Task objective: Please return only the lines from the one holding "#118=LINE('',#117,#116);" through the one holding "#153=CARTESIAN_POINT('',(3.175,18.6436,50.7999999999997));", exactly as they appear in the records below, both ends included.

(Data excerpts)
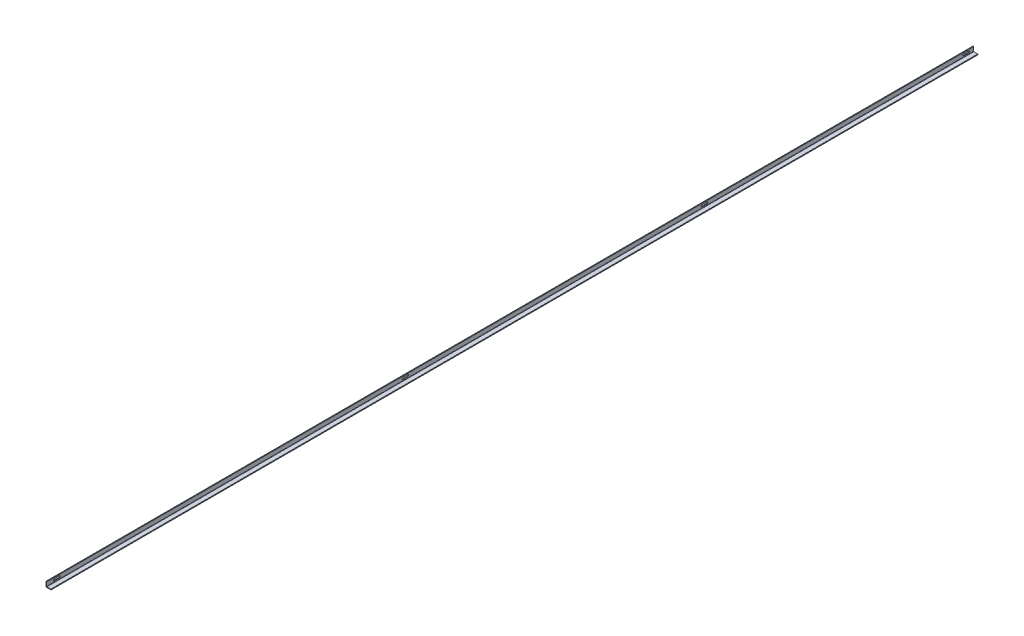
ISO-10303-21;
HEADER;
FILE_DESCRIPTION(('STEP AP214'),'2;1');
FILE_NAME('part.step','',(''),(''),'','','');
FILE_SCHEMA(('AUTOMOTIVE_DESIGN { 1 0 10303 214 1 1 1 1 }'));
ENDSEC;
DATA;
#1=APPLICATION_CONTEXT('core data for automotive mechanical design processes');
#2=APPLICATION_PROTOCOL_DEFINITION('international standard','automotive_design',2000,#1);
#3=PRODUCT_CONTEXT('',#1,'mechanical');
#4=PRODUCT('Part','Part','',(#3));
#5=PRODUCT_RELATED_PRODUCT_CATEGORY('part','',(#4));
#6=PRODUCT_DEFINITION_FORMATION('','',#4);
#7=PRODUCT_DEFINITION_CONTEXT('part definition',#1,'design');
#8=PRODUCT_DEFINITION('design','',#6,#7);
#9=PRODUCT_DEFINITION_SHAPE('','',#8);
#10=(LENGTH_UNIT() NAMED_UNIT(*) SI_UNIT(.MILLI.,.METRE.));
#11=(NAMED_UNIT(*) PLANE_ANGLE_UNIT() SI_UNIT($,.RADIAN.));
#12=(NAMED_UNIT(*) SI_UNIT($,.STERADIAN.) SOLID_ANGLE_UNIT());
#13=UNCERTAINTY_MEASURE_WITH_UNIT(LENGTH_MEASURE(1.E-05),#10,'distance_accuracy_value','');
#14=(GEOMETRIC_REPRESENTATION_CONTEXT(3) GLOBAL_UNCERTAINTY_ASSIGNED_CONTEXT((#13)) GLOBAL_UNIT_ASSIGNED_CONTEXT((#10,
#11,#12)) REPRESENTATION_CONTEXT('',''));
#15=CARTESIAN_POINT('',(0.,0.,0.));
#16=DIRECTION('',(0.,0.,1.));
#17=DIRECTION('',(1.,0.,0.));
#18=AXIS2_PLACEMENT_3D('',#15,#16,#17);
#19=CARTESIAN_POINT('',(3.175,0.,4660.9));
#20=DIRECTION('',(-1.,0.,0.));
#21=DIRECTION('',(0.,0.,1.));
#22=AXIS2_PLACEMENT_3D('',#19,#20,#21);
#23=PLANE('',#22);
#24=DIRECTION('',(0.,0.,1.));
#25=VECTOR('',#24,1.);
#26=CARTESIAN_POINT('',(3.175,9.9314,4597.4));
#27=LINE('',#26,#25);
#28=CARTESIAN_POINT('',(3.175,9.9314,4597.4));
#29=VERTEX_POINT('',#28);
#30=CARTESIAN_POINT('',(3.175,9.9314,4622.8));
#31=VERTEX_POINT('',#30);
#32=EDGE_CURVE('E200',#29,#31,#27,.T.);
#33=ORIENTED_EDGE('',*,*,#32,.T.);
#34=CARTESIAN_POINT('',(3.175,14.2875,4622.8));
#35=DIRECTION('',(1.,0.,0.));
#36=DIRECTION('',(0.,0.,-1.));
#37=AXIS2_PLACEMENT_3D('',#34,#35,#36);
#38=CIRCLE('',#37,4.3561);
#39=CARTESIAN_POINT('',(3.175,18.6436,4622.8));
#40=VERTEX_POINT('',#39);
#41=EDGE_CURVE('E47',#40,#31,#38,.T.);
#42=ORIENTED_EDGE('',*,*,#41,.F.);
#43=DIRECTION('',(0.,0.,-1.));
#44=VECTOR('',#43,1.);
#45=CARTESIAN_POINT('',(3.175,18.6436,4622.8));
#46=LINE('',#45,#44);
#47=CARTESIAN_POINT('',(3.175,18.6436,4597.4));
#48=VERTEX_POINT('',#47);
#49=EDGE_CURVE('E215',#40,#48,#46,.T.);
#50=ORIENTED_EDGE('',*,*,#49,.T.);
#51=CARTESIAN_POINT('',(3.175,14.2875,4597.4));
#52=DIRECTION('',(-1.,0.,0.));
#53=DIRECTION('',(0.,0.,1.));
#54=AXIS2_PLACEMENT_3D('',#51,#52,#53);
#55=CIRCLE('',#54,4.3561);
#56=EDGE_CURVE('E210',#48,#29,#55,.T.);
#57=ORIENTED_EDGE('',*,*,#56,.T.);
#58=EDGE_LOOP('',(#33,#42,#50,#57));
#59=FACE_BOUND('',#58,.T.);
#60=DIRECTION('',(0.,0.,1.));
#61=VECTOR('',#60,1.);
#62=CARTESIAN_POINT('',(3.175,9.9314,2844.8));
#63=LINE('',#62,#61);
#64=CARTESIAN_POINT('',(3.175,9.9314,2844.8));
#65=VERTEX_POINT('',#64);
#66=CARTESIAN_POINT('',(3.175,9.9314,2870.2));
#67=VERTEX_POINT('',#66);
#68=EDGE_CURVE('E232',#65,#67,#63,.T.);
#69=ORIENTED_EDGE('',*,*,#68,.T.);
#70=CARTESIAN_POINT('',(3.175,14.2875,2870.2));
#71=DIRECTION('',(1.,0.,0.));
#72=DIRECTION('',(0.,0.,-1.));
#73=AXIS2_PLACEMENT_3D('',#70,#71,#72);
#74=CIRCLE('',#73,4.3561);
#75=CARTESIAN_POINT('',(3.175,18.6436,2870.2));
#76=VERTEX_POINT('',#75);
#77=EDGE_CURVE('E260',#76,#67,#74,.T.);
#78=ORIENTED_EDGE('',*,*,#77,.F.);
#79=DIRECTION('',(0.,0.,-1.));
#80=VECTOR('',#79,1.);
#81=CARTESIAN_POINT('',(3.175,18.6436,2870.2));
#82=LINE('',#81,#80);
#83=CARTESIAN_POINT('',(3.175,18.6436,2844.8));
#84=VERTEX_POINT('',#83);
#85=EDGE_CURVE('E251',#76,#84,#82,.T.);
#86=ORIENTED_EDGE('',*,*,#85,.T.);
#87=CARTESIAN_POINT('',(3.175,14.2875,2844.8));
#88=DIRECTION('',(-1.,0.,0.));
#89=DIRECTION('',(0.,0.,1.));
#90=AXIS2_PLACEMENT_3D('',#87,#88,#89);
#91=CIRCLE('',#90,4.3561);
#92=EDGE_CURVE('E243',#84,#65,#91,.T.);
#93=ORIENTED_EDGE('',*,*,#92,.T.);
#94=EDGE_LOOP('',(#69,#78,#86,#93));
#95=FACE_BOUND('',#94,.T.);
#96=DIRECTION('',(0.,0.,1.));
#97=VECTOR('',#96,1.);
#98=CARTESIAN_POINT('',(3.175,9.9314,1339.85));
#99=LINE('',#98,#97);
#100=CARTESIAN_POINT('',(3.175,9.9314,1339.85));
#101=VERTEX_POINT('',#100);
#102=CARTESIAN_POINT('',(3.175,9.9314,1365.25));
#103=VERTEX_POINT('',#102);
#104=EDGE_CURVE('E265',#101,#103,#99,.T.);
#105=ORIENTED_EDGE('',*,*,#104,.T.);
#106=CARTESIAN_POINT('',(3.175,14.2875,1365.25));
#107=DIRECTION('',(1.,0.,0.));
#108=DIRECTION('',(0.,0.,-1.));
#109=AXIS2_PLACEMENT_3D('',#106,#107,#108);
#110=CIRCLE('',#109,4.3561);
#111=CARTESIAN_POINT('',(3.175,18.6436,1365.25));
#112=VERTEX_POINT('',#111);
#113=EDGE_CURVE('E293',#112,#103,#110,.T.);
#114=ORIENTED_EDGE('',*,*,#113,.F.);
#115=DIRECTION('',(0.,0.,-1.));
#116=VECTOR('',#115,1.);
#117=CARTESIAN_POINT('',(3.175,18.6436,1365.25));
#118=LINE('',#117,#116);
#119=CARTESIAN_POINT('',(3.175,18.6436,1339.85));
#120=VERTEX_POINT('',#119);
#121=EDGE_CURVE('E284',#112,#120,#118,.T.);
#122=ORIENTED_EDGE('',*,*,#121,.T.);
#123=CARTESIAN_POINT('',(3.175,14.2875,1339.85));
#124=DIRECTION('',(-1.,0.,0.));
#125=DIRECTION('',(0.,0.,1.));
#126=AXIS2_PLACEMENT_3D('',#123,#124,#125);
#127=CIRCLE('',#126,4.3561);
#128=EDGE_CURVE('E276',#120,#101,#127,.T.);
#129=ORIENTED_EDGE('',*,*,#128,.T.);
#130=EDGE_LOOP('',(#105,#114,#122,#129));
#131=FACE_BOUND('',#130,.T.);
#132=DIRECTION('',(0.,0.,1.));
#133=VECTOR('',#132,1.);
#134=CARTESIAN_POINT('',(3.175,9.9314,25.4000000000003));
#135=LINE('',#134,#133);
#136=CARTESIAN_POINT('',(3.175,9.9314,25.4000000000003));
#137=VERTEX_POINT('',#136);
#138=CARTESIAN_POINT('',(3.175,9.9314,50.7999999999997));
#139=VERTEX_POINT('',#138);
#140=EDGE_CURVE('E312',#137,#139,#135,.T.);
#141=ORIENTED_EDGE('',*,*,#140,.T.);
#142=CARTESIAN_POINT('',(3.175,14.2875,50.7999999999997));
#143=DIRECTION('',(1.,0.,0.));
#144=DIRECTION('',(0.,0.,-1.));
#145=AXIS2_PLACEMENT_3D('',#142,#143,#144);
#146=CIRCLE('',#145,4.3561);
#147=CARTESIAN_POINT('',(3.175,18.6436,50.7999999999997));
#148=VERTEX_POINT('',#147);
#149=EDGE_CURVE('E298',#148,#139,#146,.T.);
#150=ORIENTED_EDGE('',*,*,#149,.F.);
#151=DIRECTION('',(0.,0.,-1.));
#152=VECTOR('',#151,1.);
#153=CARTESIAN_POINT('',(3.175,18.6436,50.7999999999997));
#154=LINE('',#153,#152);
#155=CARTESIAN_POINT('',(3.175,18.6436,25.4000000000003));
#156=VERTEX_POINT('',#155);
#157=EDGE_CURVE('E303',#148,#156,#154,.T.);
#158=ORIENTED_EDGE('',*,*,#157,.T.);
#159=CARTESIAN_POINT('',(3.175,14.2875,25.4000000000003));
#160=DIRECTION('',(-1.,0.,0.));
#161=DIRECTION('',(0.,0.,1.));
#162=AXIS2_PLACEMENT_3D('',#159,#160,#161);
#163=CIRCLE('',#162,4.3561);
#164=EDGE_CURVE('E315',#156,#137,#163,.T.);
#165=ORIENTED_EDGE('',*,*,#164,.T.);
#166=EDGE_LOOP('',(#141,#150,#158,#165));
#167=FACE_BOUND('',#166,.T.);
#168=DIRECTION('',(0.,1.,0.));
#169=VECTOR('',#168,1.);
#170=CARTESIAN_POINT('',(3.175,0.,4660.9));
#171=LINE('',#170,#169);
#172=CARTESIAN_POINT('',(3.175,4.7625,4660.9));
#173=VERTEX_POINT('',#172);
#174=CARTESIAN_POINT('',(3.175,23.8125,4660.9));
#175=VERTEX_POINT('',#174);
#176=EDGE_CURVE('E329',#173,#175,#171,.T.);
#177=ORIENTED_EDGE('',*,*,#176,.F.);
#178=DIRECTION('',(0.,0.,-1.));
#179=VECTOR('',#178,1.);
#180=CARTESIAN_POINT('',(3.175,4.7625,0.));
#181=LINE('',#180,#179);
#182=CARTESIAN_POINT('',(3.175,4.7625,0.));
#183=VERTEX_POINT('',#182);
#184=EDGE_CURVE('E386',#173,#183,#181,.T.);
#185=ORIENTED_EDGE('',*,*,#184,.T.);
#186=DIRECTION('',(0.,1.,0.));
#187=VECTOR('',#186,1.);
#188=CARTESIAN_POINT('',(3.175,0.,0.));
#189=LINE('',#188,#187);
#190=CARTESIAN_POINT('',(3.175,23.8125,0.));
#191=VERTEX_POINT('',#190);
#192=EDGE_CURVE('E322',#183,#191,#189,.T.);
#193=ORIENTED_EDGE('',*,*,#192,.T.);
#194=DIRECTION('',(0.,0.,-1.));
#195=VECTOR('',#194,1.);
#196=CARTESIAN_POINT('',(3.175,23.8125,4660.9));
#197=LINE('',#196,#195);
#198=EDGE_CURVE('E384',#191,#175,#197,.F.);
#199=ORIENTED_EDGE('',*,*,#198,.T.);
#200=EDGE_LOOP('',(#177,#185,#193,#199));
#201=FACE_BOUND('',#200,.T.);
#202=ADVANCED_FACE('F32',(#59,#95,#131,#167,#201),#23,.F.);
#203=CARTESIAN_POINT('',(0.,25.4,4660.9));
#204=DIRECTION('',(0.,1.,0.));
#205=DIRECTION('',(0.,0.,1.));
#206=AXIS2_PLACEMENT_3D('',#203,#204,#205);
#207=PLANE('',#206);
#208=DIRECTION('',(1.,0.,0.));
#209=VECTOR('',#208,1.);
#210=CARTESIAN_POINT('',(0.,25.4,4660.9));
#211=LINE('',#210,#209);
#212=CARTESIAN_POINT('',(0.,25.4,4660.9));
#213=VERTEX_POINT('',#212);
#214=CARTESIAN_POINT('',(1.5875,25.4,4660.9));
#215=VERTEX_POINT('',#214);
#216=EDGE_CURVE('E332',#213,#215,#211,.T.);
#217=ORIENTED_EDGE('',*,*,#216,.T.);
#218=DIRECTION('',(0.,0.,-1.));
#219=VECTOR('',#218,1.);
#220=CARTESIAN_POINT('',(1.5875,25.4,0.));
#221=LINE('',#220,#219);
#222=CARTESIAN_POINT('',(1.5875,25.4,0.));
#223=VERTEX_POINT('',#222);
#224=EDGE_CURVE('E389',#215,#223,#221,.T.);
#225=ORIENTED_EDGE('',*,*,#224,.T.);
#226=DIRECTION('',(1.,0.,0.));
#227=VECTOR('',#226,1.);
#228=CARTESIAN_POINT('',(0.,25.4,0.));
#229=LINE('',#228,#227);
#230=CARTESIAN_POINT('',(0.,25.4,0.));
#231=VERTEX_POINT('',#230);
#232=EDGE_CURVE('E350',#231,#223,#229,.T.);
#233=ORIENTED_EDGE('',*,*,#232,.F.);
#234=DIRECTION('',(0.,0.,-1.));
#235=VECTOR('',#234,1.);
#236=CARTESIAN_POINT('',(0.,25.4,4660.9));
#237=LINE('',#236,#235);
#238=EDGE_CURVE('E367',#213,#231,#237,.T.);
#239=ORIENTED_EDGE('',*,*,#238,.F.);
#240=EDGE_LOOP('',(#217,#225,#233,#239));
#241=FACE_BOUND('',#240,.T.);
#242=ADVANCED_FACE('F416',(#241),#207,.T.);
#243=CARTESIAN_POINT('',(0.,0.,4660.9));
#244=DIRECTION('',(-1.,0.,0.));
#245=DIRECTION('',(0.,0.,1.));
#246=AXIS2_PLACEMENT_3D('',#243,#244,#245);
#247=PLANE('',#246);
#248=CARTESIAN_POINT('',(0.,14.2875,4622.8));
#249=DIRECTION('',(1.,0.,0.));
#250=DIRECTION('',(0.,0.,-1.));
#251=AXIS2_PLACEMENT_3D('',#248,#249,#250);
#252=CIRCLE('',#251,4.3561);
#253=CARTESIAN_POINT('',(0.,18.6436,4622.8));
#254=VERTEX_POINT('',#253);
#255=CARTESIAN_POINT('',(0.,9.9314,4622.8));
#256=VERTEX_POINT('',#255);
#257=EDGE_CURVE('E229',#254,#256,#252,.T.);
#258=ORIENTED_EDGE('',*,*,#257,.T.);
#259=DIRECTION('',(0.,0.,1.));
#260=VECTOR('',#259,1.);
#261=CARTESIAN_POINT('',(0.,9.9314,4597.4));
#262=LINE('',#261,#260);
#263=CARTESIAN_POINT('',(0.,9.9314,4597.4));
#264=VERTEX_POINT('',#263);
#265=EDGE_CURVE('E207',#264,#256,#262,.T.);
#266=ORIENTED_EDGE('',*,*,#265,.F.);
#267=CARTESIAN_POINT('',(0.,14.2875,4597.4));
#268=DIRECTION('',(-1.,0.,0.));
#269=DIRECTION('',(0.,0.,1.));
#270=AXIS2_PLACEMENT_3D('',#267,#268,#269);
#271=CIRCLE('',#270,4.3561);
#272=CARTESIAN_POINT('',(0.,18.6436,4597.4));
#273=VERTEX_POINT('',#272);
#274=EDGE_CURVE('E55',#273,#264,#271,.T.);
#275=ORIENTED_EDGE('',*,*,#274,.F.);
#276=DIRECTION('',(0.,0.,-1.));
#277=VECTOR('',#276,1.);
#278=CARTESIAN_POINT('',(0.,18.6436,4622.8));
#279=LINE('',#278,#277);
#280=EDGE_CURVE('E225',#254,#273,#279,.T.);
#281=ORIENTED_EDGE('',*,*,#280,.F.);
#282=EDGE_LOOP('',(#258,#266,#275,#281));
#283=FACE_BOUND('',#282,.T.);
#284=CARTESIAN_POINT('',(0.,14.2875,2870.2));
#285=DIRECTION('',(1.,0.,0.));
#286=DIRECTION('',(0.,0.,-1.));
#287=AXIS2_PLACEMENT_3D('',#284,#285,#286);
#288=CIRCLE('',#287,4.3561);
#289=CARTESIAN_POINT('',(0.,18.6436,2870.2));
#290=VERTEX_POINT('',#289);
#291=CARTESIAN_POINT('',(0.,9.9314,2870.2));
#292=VERTEX_POINT('',#291);
#293=EDGE_CURVE('E262',#290,#292,#288,.T.);
#294=ORIENTED_EDGE('',*,*,#293,.T.);
#295=DIRECTION('',(0.,0.,1.));
#296=VECTOR('',#295,1.);
#297=CARTESIAN_POINT('',(0.,9.9314,2844.8));
#298=LINE('',#297,#296);
#299=CARTESIAN_POINT('',(0.,9.9314,2844.8));
#300=VERTEX_POINT('',#299);
#301=EDGE_CURVE('E235',#300,#292,#298,.T.);
#302=ORIENTED_EDGE('',*,*,#301,.F.);
#303=CARTESIAN_POINT('',(0.,14.2875,2844.8));
#304=DIRECTION('',(-1.,0.,0.));
#305=DIRECTION('',(0.,0.,1.));
#306=AXIS2_PLACEMENT_3D('',#303,#304,#305);
#307=CIRCLE('',#306,4.3561);
#308=CARTESIAN_POINT('',(0.,18.6436,2844.8));
#309=VERTEX_POINT('',#308);
#310=EDGE_CURVE('E249',#309,#300,#307,.T.);
#311=ORIENTED_EDGE('',*,*,#310,.F.);
#312=DIRECTION('',(0.,0.,-1.));
#313=VECTOR('',#312,1.);
#314=CARTESIAN_POINT('',(0.,18.6436,2870.2));
#315=LINE('',#314,#313);
#316=EDGE_CURVE('E257',#290,#309,#315,.T.);
#317=ORIENTED_EDGE('',*,*,#316,.F.);
#318=EDGE_LOOP('',(#294,#302,#311,#317));
#319=FACE_BOUND('',#318,.T.);
#320=CARTESIAN_POINT('',(0.,14.2875,1365.25));
#321=DIRECTION('',(1.,0.,0.));
#322=DIRECTION('',(0.,0.,-1.));
#323=AXIS2_PLACEMENT_3D('',#320,#321,#322);
#324=CIRCLE('',#323,4.3561);
#325=CARTESIAN_POINT('',(0.,18.6436,1365.25));
#326=VERTEX_POINT('',#325);
#327=CARTESIAN_POINT('',(0.,9.9314,1365.25));
#328=VERTEX_POINT('',#327);
#329=EDGE_CURVE('E295',#326,#328,#324,.T.);
#330=ORIENTED_EDGE('',*,*,#329,.T.);
#331=DIRECTION('',(0.,0.,1.));
#332=VECTOR('',#331,1.);
#333=CARTESIAN_POINT('',(0.,9.9314,1339.85));
#334=LINE('',#333,#332);
#335=CARTESIAN_POINT('',(0.,9.9314,1339.85));
#336=VERTEX_POINT('',#335);
#337=EDGE_CURVE('E268',#336,#328,#334,.T.);
#338=ORIENTED_EDGE('',*,*,#337,.F.);
#339=CARTESIAN_POINT('',(0.,14.2875,1339.85));
#340=DIRECTION('',(-1.,0.,0.));
#341=DIRECTION('',(0.,0.,1.));
#342=AXIS2_PLACEMENT_3D('',#339,#340,#341);
#343=CIRCLE('',#342,4.3561);
#344=CARTESIAN_POINT('',(0.,18.6436,1339.85));
#345=VERTEX_POINT('',#344);
#346=EDGE_CURVE('E282',#345,#336,#343,.T.);
#347=ORIENTED_EDGE('',*,*,#346,.F.);
#348=DIRECTION('',(0.,0.,-1.));
#349=VECTOR('',#348,1.);
#350=CARTESIAN_POINT('',(0.,18.6436,1365.25));
#351=LINE('',#350,#349);
#352=EDGE_CURVE('E290',#326,#345,#351,.T.);
#353=ORIENTED_EDGE('',*,*,#352,.F.);
#354=EDGE_LOOP('',(#330,#338,#347,#353));
#355=FACE_BOUND('',#354,.T.);
#356=CARTESIAN_POINT('',(0.,14.2875,50.7999999999997));
#357=DIRECTION('',(1.,0.,0.));
#358=DIRECTION('',(0.,0.,-1.));
#359=AXIS2_PLACEMENT_3D('',#356,#357,#358);
#360=CIRCLE('',#359,4.3561);
#361=CARTESIAN_POINT('',(0.,18.6436,50.7999999999997));
#362=VERTEX_POINT('',#361);
#363=CARTESIAN_POINT('',(0.,9.9314,50.7999999999997));
#364=VERTEX_POINT('',#363);
#365=EDGE_CURVE('E299',#362,#364,#360,.T.);
#366=ORIENTED_EDGE('',*,*,#365,.T.);
#367=DIRECTION('',(0.,0.,1.));
#368=VECTOR('',#367,1.);
#369=CARTESIAN_POINT('',(0.,9.9314,25.4000000000003));
#370=LINE('',#369,#368);
#371=CARTESIAN_POINT('',(0.,9.9314,25.4000000000003));
#372=VERTEX_POINT('',#371);
#373=EDGE_CURVE('E302',#372,#364,#370,.T.);
#374=ORIENTED_EDGE('',*,*,#373,.F.);
#375=CARTESIAN_POINT('',(0.,14.2875,25.4000000000003));
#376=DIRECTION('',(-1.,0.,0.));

Written solution:
#118=LINE('',#117,#116);
#119=CARTESIAN_POINT('',(3.175,18.6436,1339.85));
#120=VERTEX_POINT('',#119);
#121=EDGE_CURVE('E284',#112,#120,#118,.T.);
#122=ORIENTED_EDGE('',*,*,#121,.T.);
#123=CARTESIAN_POINT('',(3.175,14.2875,1339.85));
#124=DIRECTION('',(-1.,0.,0.));
#125=DIRECTION('',(0.,0.,1.));
#126=AXIS2_PLACEMENT_3D('',#123,#124,#125);
#127=CIRCLE('',#126,4.3561);
#128=EDGE_CURVE('E276',#120,#101,#127,.T.);
#129=ORIENTED_EDGE('',*,*,#128,.T.);
#130=EDGE_LOOP('',(#105,#114,#122,#129));
#131=FACE_BOUND('',#130,.T.);
#132=DIRECTION('',(0.,0.,1.));
#133=VECTOR('',#132,1.);
#134=CARTESIAN_POINT('',(3.175,9.9314,25.4000000000003));
#135=LINE('',#134,#133);
#136=CARTESIAN_POINT('',(3.175,9.9314,25.4000000000003));
#137=VERTEX_POINT('',#136);
#138=CARTESIAN_POINT('',(3.175,9.9314,50.7999999999997));
#139=VERTEX_POINT('',#138);
#140=EDGE_CURVE('E312',#137,#139,#135,.T.);
#141=ORIENTED_EDGE('',*,*,#140,.T.);
#142=CARTESIAN_POINT('',(3.175,14.2875,50.7999999999997));
#143=DIRECTION('',(1.,0.,0.));
#144=DIRECTION('',(0.,0.,-1.));
#145=AXIS2_PLACEMENT_3D('',#142,#143,#144);
#146=CIRCLE('',#145,4.3561);
#147=CARTESIAN_POINT('',(3.175,18.6436,50.7999999999997));
#148=VERTEX_POINT('',#147);
#149=EDGE_CURVE('E298',#148,#139,#146,.T.);
#150=ORIENTED_EDGE('',*,*,#149,.F.);
#151=DIRECTION('',(0.,0.,-1.));
#152=VECTOR('',#151,1.);
#153=CARTESIAN_POINT('',(3.175,18.6436,50.7999999999997));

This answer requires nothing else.